This commit also upgrades Phase 6 verification with recent-window collector classification so gate failures distinguish preconditions from true runtime or provider issues.
2026-05-15 22:37:06 +08:00

165 lines
5.0 KiB
Bash

#!/usr/bin/env bash
set -euo pipefail
LIMIT=7
DB_URL="${DATABASE_URL:-}"
INPUT_PATH=""
THRESHOLD=""
FIELD_SEP=$'\x1f'
usage() {
cat <<'EOF'
用法:
bash scripts/collector_stats_window_audit.sh --db <DATABASE_URL> [--limit N] [--assert-success-rate PCT]
bash scripts/collector_stats_window_audit.sh --input <tsv-file> [--limit N] [--assert-success-rate PCT]
输入 TSV 列顺序:
source<TAB>success<TAB>error_message<TAB>created_at
EOF
}
classify_failure() {
local message normalized
message="${1:-}"
normalized="$(printf '%s' "$message" | tr '[:upper:]' '[:lower:]')"
if [[ -z "${normalized// }" ]]; then
printf '%s\n' "collector_runtime_failure"
return
fi
case "$normalized" in
*"api key"*|*"strict real mode"*|*"database_url"*|*"password authentication failed"*|*"permission denied"*|*"role does not exist"*|*"relation does not exist"*|*"must provide"*)
printf '%s\n' "precondition_missing"
;;
*"429"*|*"rate limit"*|*"too many requests"*|*"timeout"*|*"temporarily unavailable"*|*"transport closed"*|*"connection reset"*|*"connection refused"*|*"eof"*|*"tls handshake timeout"*|*"no such host"*|*"i/o timeout"*)

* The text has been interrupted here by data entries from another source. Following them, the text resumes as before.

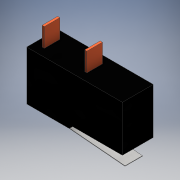
# Autodesk Inventor part: SS-5GL-F
Saved by Autodesk Inventor 2016 (Build 200138000, 138)
## iProperties
Created: 2016-01-29
Part Number: SS-5GL-F
Material: Generic
Document SubType Name: Modeling
Designer: jferner
Density: 1 g/cm^3
Appearance: Default
width: 6.400 mm
ss5glfLength: 19.800 mm
Author: jferner
Autodesk Inventor part; units mm, degrees
ref_plane "YZ Plane" through (0, 0, 0) normal (1, 0, 0) x (0, 1, 0)
ref_plane "XZ Plane" through (0, 0, 0) normal (0, 1, 0) x (-1, 0, 0)
sketch "Sketch1" plane through (0, 0, 0) normal (0, 1, 0) x (-1, 0, 0)
  line L0 (0, 0) -> (0, -10.2)
  line L1 (0, -10.2) -> (-8.8, -10.2)
  line L2 (-8.8, -10.2) -> (-9.5, -9.5)
  line L3 (-9.5, -9.5) -> (-19.8, -9.5)
  line L4 (-19.8, -9.5) -> (-19.8, 0)
  line L5 (-19.8, 0) -> (0, 0)
  dimension "d0" = 10.2
  dimension "d1" = 9.5
  dimension "ss5glfLength" = 19.8
  dimension "d4" = 8.8
  dimension "d5" = 135
  constraints: 12 end point, 3 perpendicular, 1 coincident, 1 parallel, 1 vertical
  measures "d0" distance of L0.start L0.end
  measures "d1" distance of L3.end L4.end
  measures "ss5glfLength" distance of L4.end L0.start
  measures "d4" distance of L0.end L1.end
  measures "d5" angle of L1 L2
extrude "Extrusion1" add sketch "Sketch1" along normal blind 6.4
sketch "Sketch2" plane through (0, 0, 0) normal (0, 0, 1) x (1, 0, 0)
  line L0 (1.6, 4.8) -> (2.06, 4.8)
  line L1 (2.06, 4.8) -> (2.06, 1.6)
  line L2 (2.06, 1.6) -> (1.6, 1.6)
  line L3 (1.6, 1.6) -> (1.6, 4.8)
  line L4 (10.4, 4.8) -> (10.86, 4.8)
  line L5 (10.86, 4.8) -> (10.86, 1.6)
  line L6 (10.86, 1.6) -> (10.4, 1.6)
  line L7 (10.4, 1.6) -> (10.4, 4.8)
  line L8 (0, 0) -> (0, 6.4) projected
  line L9 (19.8, 0) -> (0, 0) projected
  dimension "d8" = 0.46
  dimension "pinWidth" = 3.2
  dimension "d10" = 1.6
  dimension "d11" = 8.8
  dimension "d12" = 1.6
  constraints: 16 end point, 4 parallel, 2 horizontal, 2 perpendicular, 2 point on line, 1 collinear
  measures "d8" distance of L5.end L6.end
  measures "pinWidth" distance of L2.end L0.start
  measures "d10" distance between parallel lines of L8 L3
  measures "d11" distance between parallel lines of L7 L3
  measures "d12" distance between parallel lines of L9 L2
extrude "Extrusion2" add sketch "Sketch2" along normal blind 3.9
ref_plane "Work Plane1" through (0, 3.2, 0) normal (0, 1, 0) x (1, 0, 0)
sketch "Sketch3" plane through (0, 3.2, 0) normal (0, 1, 0) x (1, 0, 0)
  line L0 (8.8, 10.2) -> (0, 10.2) projected
  line L1 (3.1, 10.2) -> (3.1, 11.1084)
  line L2 (3.1, 11.1084) -> (18.9478, 12.4949)
  line L3 (18.9478, 12.4949) -> (18.9391, 12.5945)
  line L4 (18.9391, 12.5945) -> (3, 11.2)
  line L5 (3, 11.2) -> (3, 10.2)
  line L6 (0, 10.2) -> (0, 0) projected
  dimension "d15" = 16
  dimension "d16" = 1
  dimension "d17" = 0.1
  dimension "d18" = 0.1
  dimension "d19" = 95
  dimension "d20" = 3
  constraints: 10 end point, 2 perpendicular, 2 point on line, 1 parallel, 1 vertical
  measures "d15" distance of L3.end L4.end
  measures "d16" distance of L4.end L5.end
  measures "d17" distance of L2.end L3.end
  measures "d18" distance between parallel lines of L5 L1
  measures "d19" angle of L1 L2
  measures "d20" distance between parallel lines of L6 L5
extrude "Extrusion3" add sketch "Sketch3" along normal mid plane 3.6
equation "\"d12\" = -0.5 * pinWidth + 0.5 * width"
equation "\"width\" = 6.4"
body "Solid1"
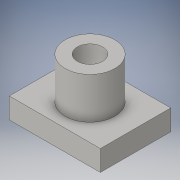
# Autodesk Inventor part: imusupport
Saved by Autodesk Inventor 2016 (Build 200138000, 138)
## iProperties
Created: 2017-04-12
Part Number: imusupport
Material: Generic
Document SubType Name: Modeling
Designer: Evan Phil George
Density: 1 g/cm^3
Appearance: Default
Author: Evan Phil George
## iProperties of the stored document imusupport_3DPrint.ipt
Created: 2017-04-12
Part Number: imusupport_3DPrint
Material: Generic
Document SubType Name: Modeling
Designer: Evan Phil George
Density: 1 g/cm^3
Appearance: Default
Author: Evan Phil George
Autodesk Inventor part; units mm, degrees
ref_plane "YZ Plane" through (0, 0, 0) normal (1, 0, 0) x (0, 1, 0)
ref_plane "XZ Plane" through (0, 0, 0) normal (0, 1, 0) x (-1, 0, 0)
ref_plane "XY Plane" through (0, 0, 0) normal (0, 0, 1) x (1, 0, 0)
sketch "Sketch1" plane through (0, 0, 0) normal (0, 1, 0) x (-1, 0, 0)
  line L0 (11, -8.5) -> (-11, -8.5)
  line L1 (-11, -8.5) -> (-11, 8.5)
  line L2 (-11, 8.5) -> (11, 8.5)
  line L3 (11, 8.5) -> (11, -8.5)
  line L4 (11, -8.5) -> (-11, 8.5) construction
  line L5 (-11, -8.5) -> (11, 8.5) construction
  point P0 (0, 0)
  dimension "d0" = 22
  dimension "d1" = 17
  constraints: 12 end point, 2 midpoint, 2 parallel, 1 horizontal, 1 perpendicular
  measures "d0" distance of L1.end L2.end
  measures "d1" distance of L0.end L1.end
extrude "Extrusion1" add sketch "Sketch1" along normal blind 5
sketch "Sketch2" plane through (0, 5, 0) normal (0, 1, 0) x (1, 0, 0)
  circle A0 centre (0, 0) radius 6
  circle A1 centre (0, 0) radius 3.05
  dimension "d4" = 12
  dimension "d5" = 6.1
  constraints: 2 centre point, 2 coincident
  measures "d4" diameter of A0
  measures "d5" diameter of A1
extrude "Extrusion2" add sketch "Sketch2" along normal blind 10
body "Solid1"

printf '%s\n' "external_provider_failure"
;;
*)
printf '%s\n' "collector_runtime_failure"
;;
esac
}
fetch_rows_from_db() {
if [[ -z "${DB_URL:-}" ]]; then
echo "missing --db / DATABASE_URL" >&2
return 1
fi
psql "$DB_URL" -F "$FIELD_SEP" -Atqc "
SELECT
COALESCE(source, ''),
CASE WHEN success THEN 't' ELSE 'f' END,
COALESCE(error_message, ''),
TO_CHAR(created_at, 'YYYY-MM-DD HH24:MI:SS')
FROM collector_stats
ORDER BY created_at DESC
LIMIT ${LIMIT};
"
}
fetch_rows_from_file() {
if [[ -z "${INPUT_PATH:-}" ]]; then
echo "missing --input" >&2
return 1
fi
head -n "$LIMIT" "$INPUT_PATH"
}
while [[ $# -gt 0 ]]; do
case "$1" in
--db)
DB_URL="$2"
shift 2
;;
--input)
INPUT_PATH="$2"
shift 2
;;
--limit)
LIMIT="$2"
shift 2
;;
--assert-success-rate)
THRESHOLD="$2"
shift 2
;;
--help|-h)
usage
exit 0
;;
*)
echo "unknown arg: $1" >&2
usage >&2
exit 1
;;
esac
done
if [[ -n "$INPUT_PATH" ]]; then
ROWS="$(fetch_rows_from_file)"
else
ROWS="$(fetch_rows_from_db)"
fi
SUCCESS_COUNT=0
FAILURE_COUNT=0
PRECONDITION_COUNT=0
EXTERNAL_COUNT=0
RUNTIME_COUNT=0
UNKNOWN_COUNT=0
ROW_COUNT=0
DETAIL_LINES=""
while IFS= read -r raw_line; do
[[ -z "${raw_line}" ]] && continue
normalized_line="${raw_line//$'\t'/$FIELD_SEP}"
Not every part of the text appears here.